(Data entries)
_ _ _ _ _ _ _

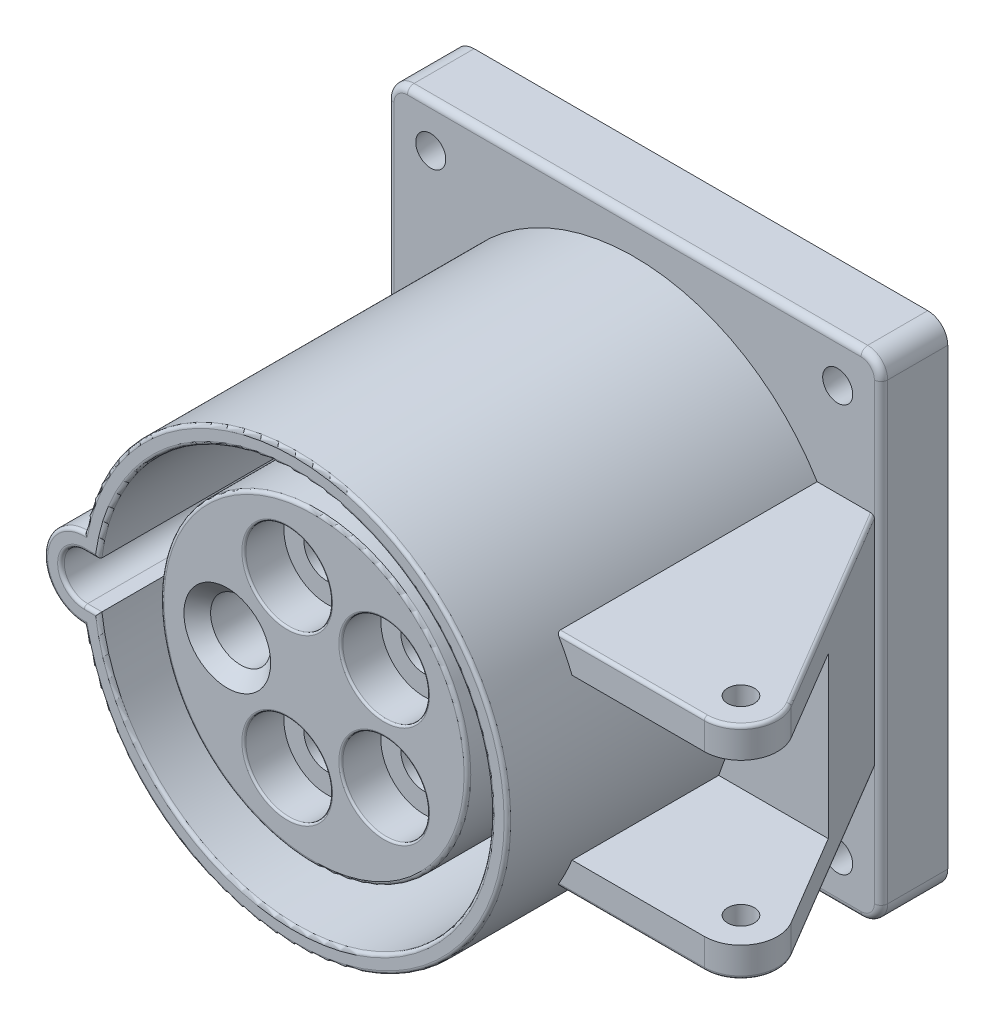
ISO-10303-21;
HEADER;
FILE_DESCRIPTION(('STEP AP214'),'2;1');
FILE_NAME('part.step','',(''),(''),'','','');
FILE_SCHEMA(('AUTOMOTIVE_DESIGN { 1 0 10303 214 1 1 1 1 }'));
ENDSEC;
DATA;
#1=APPLICATION_CONTEXT('core data for automotive mechanical design processes');
#2=APPLICATION_PROTOCOL_DEFINITION('international standard','automotive_design',2000,#1);
#3=PRODUCT_CONTEXT('',#1,'mechanical');
#4=PRODUCT('Part','Part','',(#3));
#5=PRODUCT_RELATED_PRODUCT_CATEGORY('part','',(#4));
#6=PRODUCT_DEFINITION_FORMATION('','',#4);
#7=PRODUCT_DEFINITION_CONTEXT('part definition',#1,'design');
#8=PRODUCT_DEFINITION('design','',#6,#7);
#9=PRODUCT_DEFINITION_SHAPE('','',#8);
#10=(LENGTH_UNIT() NAMED_UNIT(*) SI_UNIT(.MILLI.,.METRE.));
#11=(NAMED_UNIT(*) PLANE_ANGLE_UNIT() SI_UNIT($,.RADIAN.));
#12=(NAMED_UNIT(*) SI_UNIT($,.STERADIAN.) SOLID_ANGLE_UNIT());
#13=UNCERTAINTY_MEASURE_WITH_UNIT(LENGTH_MEASURE(1.E-05),#10,'distance_accuracy_value','');
#14=(GEOMETRIC_REPRESENTATION_CONTEXT(3) GLOBAL_UNCERTAINTY_ASSIGNED_CONTEXT((#13)) GLOBAL_UNIT_ASSIGNED_CONTEXT((#10,
#11,#12)) REPRESENTATION_CONTEXT('',''));
#15=CARTESIAN_POINT('',(0.,0.,0.));
#16=DIRECTION('',(0.,0.,1.));
#17=DIRECTION('',(1.,0.,0.));
#18=AXIS2_PLACEMENT_3D('',#15,#16,#17);
#19=CARTESIAN_POINT('',(-4.01722092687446,-12.363734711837,-34.));
#20=DIRECTION('',(0.,0.,1.));
#21=DIRECTION('',(1.,0.,0.));
#22=AXIS2_PLACEMENT_3D('',#19,#20,#21);
#23=CYLINDRICAL_SURFACE('',#22,3.5);
#24=CARTESIAN_POINT('',(-4.01722092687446,-12.363734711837,9.));
#25=DIRECTION('',(0.,0.,-1.));
#26=DIRECTION('',(-1.,0.,0.));
#27=AXIS2_PLACEMENT_3D('',#24,#25,#26);
#28=CIRCLE('',#27,3.5);
#29=CARTESIAN_POINT('',(-7.51722092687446,-12.363734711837,9.));
#30=VERTEX_POINT('',#29);
#31=EDGE_CURVE('E1008',#30,#30,#28,.T.);
#32=ORIENTED_EDGE('',*,*,#31,.T.);
#33=EDGE_LOOP('',(#32));
#34=FACE_BOUND('',#33,.T.);
#35=CARTESIAN_POINT('',(-4.01722092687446,-12.363734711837,52.));
#36=DIRECTION('',(0.,0.,1.));
#37=DIRECTION('',(1.,0.,0.));
#38=AXIS2_PLACEMENT_3D('',#35,#36,#37);
#39=CIRCLE('',#38,3.5);
#40=CARTESIAN_POINT('',(-0.517220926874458,-12.363734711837,52.));
#41=VERTEX_POINT('',#40);
#42=EDGE_CURVE('E1011',#41,#41,#39,.F.);
#43=ORIENTED_EDGE('',*,*,#42,.F.);
#44=EDGE_LOOP('',(#43));
#45=FACE_BOUND('',#44,.T.);
#46=ADVANCED_FACE('F37',(#34,#45),#23,.F.);
#47=CARTESIAN_POINT('',(10.5172209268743,-7.64120827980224,-34.));
#48=DIRECTION('',(0.,0.,1.));
#49=DIRECTION('',(1.,0.,0.));
#50=AXIS2_PLACEMENT_3D('',#47,#48,#49);
#51=CYLINDRICAL_SURFACE('',#50,3.5);
#52=CARTESIAN_POINT('',(10.5172209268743,-7.64120827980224,9.));
#53=DIRECTION('',(0.,0.,-1.));
#54=DIRECTION('',(-1.,0.,0.));
#55=AXIS2_PLACEMENT_3D('',#52,#53,#54);
#56=CIRCLE('',#55,3.5);
#57=CARTESIAN_POINT('',(7.01722092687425,-7.64120827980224,9.));
#58=VERTEX_POINT('',#57);
#59=EDGE_CURVE('E1010',#58,#58,#56,.T.);
#60=ORIENTED_EDGE('',*,*,#59,.T.);
#61=EDGE_LOOP('',(#60));
#62=FACE_BOUND('',#61,.T.);
#63=CARTESIAN_POINT('',(10.5172209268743,-7.64120827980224,52.));
#64=DIRECTION('',(0.,0.,1.));
#65=DIRECTION('',(1.,0.,0.));
#66=AXIS2_PLACEMENT_3D('',#63,#64,#65);
#67=CIRCLE('',#66,3.5);
#68=CARTESIAN_POINT('',(14.0172209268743,-7.64120827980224,52.));
#69=VERTEX_POINT('',#68);
#70=EDGE_CURVE('E1029',#69,#69,#67,.F.);
#71=ORIENTED_EDGE('',*,*,#70,.F.);
#72=EDGE_LOOP('',(#71));
#73=FACE_BOUND('',#72,.T.);
#74=ADVANCED_FACE('F595',(#62,#73),#51,.F.);
#75=CARTESIAN_POINT('',(10.5172209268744,7.6412082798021,-34.));
#76=DIRECTION('',(0.,0.,1.));
#77=DIRECTION('',(1.,0.,0.));
#78=AXIS2_PLACEMENT_3D('',#75,#76,#77);
#79=CYLINDRICAL_SURFACE('',#78,3.5);
#80=CARTESIAN_POINT('',(10.5172209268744,7.6412082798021,9.));
#81=DIRECTION('',(0.,0.,-1.));
#82=DIRECTION('',(-1.,0.,0.));
#83=AXIS2_PLACEMENT_3D('',#80,#81,#82);
#84=CIRCLE('',#83,3.5);
#85=CARTESIAN_POINT('',(7.01722092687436,7.6412082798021,9.));
#86=VERTEX_POINT('',#85);
#87=EDGE_CURVE('E1014',#86,#86,#84,.T.);
#88=ORIENTED_EDGE('',*,*,#87,.T.);
#89=EDGE_LOOP('',(#88));
#90=FACE_BOUND('',#89,.T.);
#91=CARTESIAN_POINT('',(10.5172209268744,7.6412082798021,52.));
#92=DIRECTION('',(0.,0.,1.));
#93=DIRECTION('',(1.,0.,0.));
#94=AXIS2_PLACEMENT_3D('',#91,#92,#93);
#95=CIRCLE('',#94,3.5);
#96=CARTESIAN_POINT('',(14.0172209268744,7.6412082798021,52.));
#97=VERTEX_POINT('',#96);
#98=EDGE_CURVE('E1025',#97,#97,#95,.F.);
#99=ORIENTED_EDGE('',*,*,#98,.F.);
#100=EDGE_LOOP('',(#99));
#101=FACE_BOUND('',#100,.T.);
#102=ADVANCED_FACE('F601',(#90,#101),#79,.F.);
#103=CARTESIAN_POINT('',(-4.01722092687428,12.363734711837,-34.));
#104=DIRECTION('',(0.,0.,1.));
#105=DIRECTION('',(1.,0.,0.));
#106=AXIS2_PLACEMENT_3D('',#103,#104,#105);
#107=CYLINDRICAL_SURFACE('',#106,3.5);
#108=CARTESIAN_POINT('',(-4.01722092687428,12.363734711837,9.));
#109=DIRECTION('',(0.,0.,-1.));
#110=DIRECTION('',(-1.,0.,0.));
#111=AXIS2_PLACEMENT_3D('',#108,#109,#110);
#112=CIRCLE('',#111,3.5);
#113=CARTESIAN_POINT('',(-7.51722092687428,12.363734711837,9.));
#114=VERTEX_POINT('',#113);
#115=EDGE_CURVE('E1017',#114,#114,#112,.T.);
#116=ORIENTED_EDGE('',*,*,#115,.T.);
#117=EDGE_LOOP('',(#116));
#118=FACE_BOUND('',#117,.T.);
#119=CARTESIAN_POINT('',(-4.01722092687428,12.363734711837,52.));
#120=DIRECTION('',(0.,0.,1.));
#121=DIRECTION('',(1.,0.,0.));
#122=AXIS2_PLACEMENT_3D('',#119,#120,#121);
#123=CIRCLE('',#122,3.5);
#124=CARTESIAN_POINT('',(-0.517220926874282,12.363734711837,52.));
#125=VERTEX_POINT('',#124);
#126=EDGE_CURVE('E1022',#125,#125,#123,.F.);
#127=ORIENTED_EDGE('',*,*,#126,.F.);
#128=EDGE_LOOP('',(#127));
#129=FACE_BOUND('',#128,.T.);
#130=ADVANCED_FACE('F1351',(#118,#129),#107,.F.);
#131=CARTESIAN_POINT('',(49.5,-16.5,43.5));
#132=DIRECTION('',(0.,1.,0.));
#133=DIRECTION('',(0.,0.,1.));
#134=AXIS2_PLACEMENT_3D('',#131,#132,#133);
#135=CYLINDRICAL_SURFACE('',#134,1.99999999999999);
#136=CARTESIAN_POINT('',(49.5,-12.,43.5));
#137=DIRECTION('',(0.,-1.,0.));
#138=DIRECTION('',(0.,0.,-1.));
#139=AXIS2_PLACEMENT_3D('',#136,#137,#138);
#140=CIRCLE('',#139,1.99999999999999);
#141=CARTESIAN_POINT('',(49.5,-12.,41.5));
#142=VERTEX_POINT('',#141);
#143=EDGE_CURVE('E319',#142,#142,#140,.F.);
#144=ORIENTED_EDGE('',*,*,#143,.T.);
#145=EDGE_LOOP('',(#144));
#146=FACE_BOUND('',#145,.T.);
#147=CARTESIAN_POINT('',(49.5,-16.5,43.5));
#148=DIRECTION('',(0.,1.,0.));
#149=DIRECTION('',(0.,0.,1.));
#150=AXIS2_PLACEMENT_3D('',#147,#148,#149);
#151=CIRCLE('',#150,1.99999999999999);
#152=CARTESIAN_POINT('',(49.5,-16.5,45.5));
#153=VERTEX_POINT('',#152);
#154=EDGE_CURVE('E327',#153,#153,#151,.T.);
#155=ORIENTED_EDGE('',*,*,#154,.F.);
#156=EDGE_LOOP('',(#155));
#157=FACE_BOUND('',#156,.T.);
#158=ADVANCED_FACE('F629',(#146,#157),#135,.F.);
#159=CARTESIAN_POINT('',(49.5,-16.5,48.9890222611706));
#160=DIRECTION('',(0.,0.,1.));
#161=DIRECTION('',(1.,0.,0.));
#162=AXIS2_PLACEMENT_3D('',#159,#160,#161);
#163=PLANE('',#162);
#164=CARTESIAN_POINT('',(0.,0.,48.9890222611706));
#165=DIRECTION('',(0.,0.,1.));
#166=DIRECTION('',(1.,0.,0.));
#167=AXIS2_PLACEMENT_3D('',#164,#165,#166);
#168=CIRCLE('',#167,32.);
#169=CARTESIAN_POINT('',(27.712812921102,-16.,48.9890222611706));
#170=VERTEX_POINT('',#169);
#171=CARTESIAN_POINT('',(29.6647939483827,-12.,48.9890222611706));
#172=VERTEX_POINT('',#171);
#173=EDGE_CURVE('E347',#170,#172,#168,.T.);
#174=ORIENTED_EDGE('',*,*,#173,.F.);
#175=DIRECTION('',(1.,0.,0.));
#176=VECTOR('',#175,1.);
#177=CARTESIAN_POINT('',(49.5,-16.,48.9890222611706));
#178=LINE('',#177,#176);
#179=CARTESIAN_POINT('',(49.5,-16.,48.9890222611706));
#180=VERTEX_POINT('',#179);
#181=EDGE_CURVE('E877',#170,#180,#178,.T.);
#182=ORIENTED_EDGE('',*,*,#181,.T.);
#183=DIRECTION('',(0.,1.,0.));
#184=VECTOR('',#183,1.);
#185=CARTESIAN_POINT('',(49.5,-16.5,48.9890222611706));
#186=LINE('',#185,#184);
#187=CARTESIAN_POINT('',(49.5,-12.,48.9890222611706));
#188=VERTEX_POINT('',#187);
#189=EDGE_CURVE('E333',#180,#188,#186,.T.);
#190=ORIENTED_EDGE('',*,*,#189,.T.);
#191=DIRECTION('',(1.,0.,0.));
#192=VECTOR('',#191,1.);
#193=CARTESIAN_POINT('',(49.5,-12.,48.9890222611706));
#194=LINE('',#193,#192);
#195=EDGE_CURVE('E314',#172,#188,#194,.T.);
#196=ORIENTED_EDGE('',*,*,#195,.F.);
#197=EDGE_LOOP('',(#174,#182,#190,#196));
#198=FACE_BOUND('',#197,.T.);
#199=ADVANCED_FACE('F637',(#198),#163,.T.);
#200=CARTESIAN_POINT('',(49.5,-16.5,43.5));
#201=DIRECTION('',(0.,1.,0.));
#202=DIRECTION('',(0.,0.,1.));
#203=AXIS2_PLACEMENT_3D('',#200,#201,#202);
#204=CYLINDRICAL_SURFACE('',#203,5.48902226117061);
#205=ORIENTED_EDGE('',*,*,#189,.F.);
#206=CARTESIAN_POINT('',(49.5,-16.,43.5));
#207=DIRECTION('',(0.,1.,0.));
#208=DIRECTION('',(0.,0.,1.));
#209=AXIS2_PLACEMENT_3D('',#206,#207,#208);
#210=CIRCLE('',#209,5.48902226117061);
#211=CARTESIAN_POINT('',(54.2202317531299,-16.,40.6984330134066));
#212=VERTEX_POINT('',#211);
#213=EDGE_CURVE('E873',#180,#212,#210,.T.);
#214=ORIENTED_EDGE('',*,*,#213,.T.);
#215=DIRECTION('',(0.,1.,0.));
#216=VECTOR('',#215,1.);
#217=CARTESIAN_POINT('',(54.2202317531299,-16.5,40.6984330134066));
#218=LINE('',#217,#216);
#219=CARTESIAN_POINT('',(54.2202317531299,-12.,40.6984330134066));
#220=VERTEX_POINT('',#219);
#221=EDGE_CURVE('E339',#212,#220,#218,.T.);
#222=ORIENTED_EDGE('',*,*,#221,.T.);
#223=CARTESIAN_POINT('',(49.5,-12.,43.5));
#224=DIRECTION('',(0.,-1.,0.));
#225=DIRECTION('',(0.,0.,-1.));
#226=AXIS2_PLACEMENT_3D('',#223,#224,#225);
#227=CIRCLE('',#226,5.48902226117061);
#228=EDGE_CURVE('E844',#188,#220,#227,.F.);
#229=ORIENTED_EDGE('',*,*,#228,.F.);
#230=EDGE_LOOP('',(#205,#214,#222,#229));
#231=FACE_BOUND('',#230,.T.);
#232=ADVANCED_FACE('F644',(#231),#204,.T.);
#233=CARTESIAN_POINT('',(0.,0.,10.));
#234=DIRECTION('',(0.,0.,-1.));
#235=DIRECTION('',(-1.,0.,0.));
#236=AXIS2_PLACEMENT_3D('',#233,#234,#235);
#237=PLANE('',#236);
#238=CARTESIAN_POINT('',(30.5,-30.5,10.));
#239=DIRECTION('',(0.,0.,1.));
#240=DIRECTION('',(1.,0.,0.));
#241=AXIS2_PLACEMENT_3D('',#238,#239,#240);
#242=CIRCLE('',#241,2.25);
#243=CARTESIAN_POINT('',(32.75,-30.5,10.));
#244=VERTEX_POINT('',#243);
#245=EDGE_CURVE('E354',#244,#244,#242,.T.);
#246=ORIENTED_EDGE('',*,*,#245,.F.);
#247=EDGE_LOOP('',(#246));
#248=FACE_BOUND('',#247,.T.);
#249=CARTESIAN_POINT('',(-30.5,-30.5,10.));
#250=DIRECTION('',(0.,0.,1.));
#251=DIRECTION('',(1.,0.,0.));
#252=AXIS2_PLACEMENT_3D('',#249,#250,#251);
#253=CIRCLE('',#252,2.25);
#254=CARTESIAN_POINT('',(-28.25,-30.5,10.));
#255=VERTEX_POINT('',#254);
#256=EDGE_CURVE('E350',#255,#255,#253,.T.);
#257=ORIENTED_EDGE('',*,*,#256,.F.);
#258=EDGE_LOOP('',(#257));
#259=FACE_BOUND('',#258,.T.);
#260=DIRECTION('',(0.,1.,0.));
#261=VECTOR('',#260,1.);
#262=CARTESIAN_POINT('',(36.,0.,10.));
#263=LINE('',#262,#261);
#264=CARTESIAN_POINT('',(36.,-34.,10.));
#265=VERTEX_POINT('',#264);
#266=CARTESIAN_POINT('',(36.,-16.,10.));
#267=VERTEX_POINT('',#266);
#268=EDGE_CURVE('E458',#265,#267,#263,.T.);
#269=ORIENTED_EDGE('',*,*,#268,.T.);
#270=CARTESIAN_POINT('',(35.4185643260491,-16.,10.));
#271=DIRECTION('',(0.,0.,-1.));
#272=DIRECTION('',(1.,0.,0.));
#273=AXIS2_PLACEMENT_3D('',#270,#271,#272);
#274=ELLIPSE('',#273,0.581435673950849,0.5);
#275=CARTESIAN_POINT('',(35.4185643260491,-16.5,10.));
#276=VERTEX_POINT('',#275);
#277=EDGE_CURVE('E881',#267,#276,#274,.T.);
#278=ORIENTED_EDGE('',*,*,#277,.T.);
#279=DIRECTION('',(-1.,0.,0.));
#280=VECTOR('',#279,1.);
#281=CARTESIAN_POINT('',(25.8236447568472,-16.5,10.));
#282=LINE('',#281,#280);
#283=CARTESIAN_POINT('',(27.4180597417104,-16.5,10.));
#284=VERTEX_POINT('',#283);
#285=EDGE_CURVE('E330',#276,#284,#282,.T.);
#286=ORIENTED_EDGE('',*,*,#285,.T.);
#287=CARTESIAN_POINT('',(0.,0.,10.));
#288=DIRECTION('',(0.,0.,-1.));
#289=DIRECTION('',(-1.,0.,0.));
#290=AXIS2_PLACEMENT_3D('',#287,#288,#289);
#291=CIRCLE('',#290,32.);
#292=CARTESIAN_POINT('',(-31.4324674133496,-5.99999935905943,10.));
#293=VERTEX_POINT('',#292);
#294=EDGE_CURVE('E411',#293,#284,#291,.F.);
#295=ORIENTED_EDGE('',*,*,#294,.F.);
#296=CARTESIAN_POINT('',(-31.4296940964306,0.,10.));
#297=DIRECTION('',(0.,0.,-1.));
#298=DIRECTION('',(-1.,0.,0.));
#299=AXIS2_PLACEMENT_3D('',#296,#297,#298);
#300=CIRCLE('',#299,6.);
#301=CARTESIAN_POINT('',(-36.,-3.88745468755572,10.));
#302=VERTEX_POINT('',#301);
#303=EDGE_CURVE('E387',#302,#293,#300,.F.);
#304=ORIENTED_EDGE('',*,*,#303,.F.);
#305=DIRECTION('',(0.,-1.,0.));
#306=VECTOR('',#305,1.);
#307=CARTESIAN_POINT('',(-36.,0.,10.));
#308=LINE('',#307,#306);
#309=CARTESIAN_POINT('',(-36.,-34.,10.));
#310=VERTEX_POINT('',#309);
#311=EDGE_CURVE('E467',#302,#310,#308,.T.);
#312=ORIENTED_EDGE('',*,*,#311,.T.);
#313=CARTESIAN_POINT('',(-34.,-34.,10.));
#314=DIRECTION('',(0.,0.,-1.));
#315=DIRECTION('',(-1.,0.,0.));
#316=AXIS2_PLACEMENT_3D('',#313,#314,#315);
#317=CIRCLE('',#316,2.);
#318=CARTESIAN_POINT('',(-34.,-36.,10.));
#319=VERTEX_POINT('',#318);
#320=EDGE_CURVE('E465',#310,#319,#317,.F.);
#321=ORIENTED_EDGE('',*,*,#320,.T.);
#322=DIRECTION('',(1.,0.,0.));
#323=VECTOR('',#322,1.);
#324=CARTESIAN_POINT('',(0.,-36.,10.));
#325=LINE('',#324,#323);
#326=CARTESIAN_POINT('',(34.,-36.,10.));
#327=VERTEX_POINT('',#326);
#328=EDGE_CURVE('E463',#319,#327,#325,.T.);
#329=ORIENTED_EDGE('',*,*,#328,.T.);
#330=CARTESIAN_POINT('',(34.,-34.,10.));
#331=DIRECTION('',(0.,0.,-1.));
#332=DIRECTION('',(-1.,0.,0.));
#333=AXIS2_PLACEMENT_3D('',#330,#331,#332);
#334=CIRCLE('',#333,2.);
#335=EDGE_CURVE('E461',#327,#265,#334,.F.);
#336=ORIENTED_EDGE('',*,*,#335,.T.);
#337=EDGE_LOOP('',(#269,#278,#286,#295,#304,#312,#321,#329,#336));
#338=FACE_BOUND('',#337,.T.);
#339=ADVANCED_FACE('F543',(#248,#259,#338),#237,.F.);
#340=CARTESIAN_POINT('',(0.,0.,61.));
#341=DIRECTION('',(0.,0.,-1.));
#342=DIRECTION('',(-1.,0.,0.));
#343=AXIS2_PLACEMENT_3D('',#340,#341,#342);
#344=CYLINDRICAL_SURFACE('',#343,32.);
#345=CARTESIAN_POINT('',(0.,0.,60.5));
#346=DIRECTION('',(0.,0.,1.));
#347=DIRECTION('',(1.,0.,0.));
#348=AXIS2_PLACEMENT_3D('',#345,#346,#347);
#349=CIRCLE('',#348,32.);
#350=CARTESIAN_POINT('',(-31.4324674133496,5.99999935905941,60.5));
#351=VERTEX_POINT('',#350);
#352=CARTESIAN_POINT('',(-31.4324674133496,-5.99999935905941,60.5));
#353=VERTEX_POINT('',#352);
#354=EDGE_CURVE('E832',#351,#353,#349,.F.);
#355=ORIENTED_EDGE('',*,*,#354,.T.);
#356=DIRECTION('',(0.,0.,1.));
#357=VECTOR('',#356,1.);
#358=CARTESIAN_POINT('',(-31.4324674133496,-5.99999935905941,35.5));
#359=LINE('',#358,#357);
#360=EDGE_CURVE('E414',#353,#293,#359,.F.);
#361=ORIENTED_EDGE('',*,*,#360,.T.);
#362=ORIENTED_EDGE('',*,*,#294,.T.);
#363=DIRECTION('',(0.,0.,-1.));
#364=VECTOR('',#363,1.);
#365=CARTESIAN_POINT('',(27.4180597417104,-16.5,61.));
#366=LINE('',#365,#364);
#367=CARTESIAN_POINT('',(27.4180597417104,-16.5,48.4890222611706));
#368=VERTEX_POINT('',#367);
#369=EDGE_CURVE('E343',#368,#284,#366,.T.);
#370=ORIENTED_EDGE('',*,*,#369,.F.);
#371=CARTESIAN_POINT('',(27.4180597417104,-16.5,48.4890222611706));
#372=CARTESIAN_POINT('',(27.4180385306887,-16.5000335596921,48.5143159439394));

_ _ _ _ _ _ _

= Aim of the exercise =
Select every line above that contains the word "VECTOR", and copy it.

= Answer to the exercise =
#176=VECTOR('',#175,1.);
#184=VECTOR('',#183,1.);
#192=VECTOR('',#191,1.);
#216=VECTOR('',#215,1.);
#261=VECTOR('',#260,1.);
#280=VECTOR('',#279,1.);
#306=VECTOR('',#305,1.);
#323=VECTOR('',#322,1.);
#357=VECTOR('',#356,1.);
#364=VECTOR('',#363,1.);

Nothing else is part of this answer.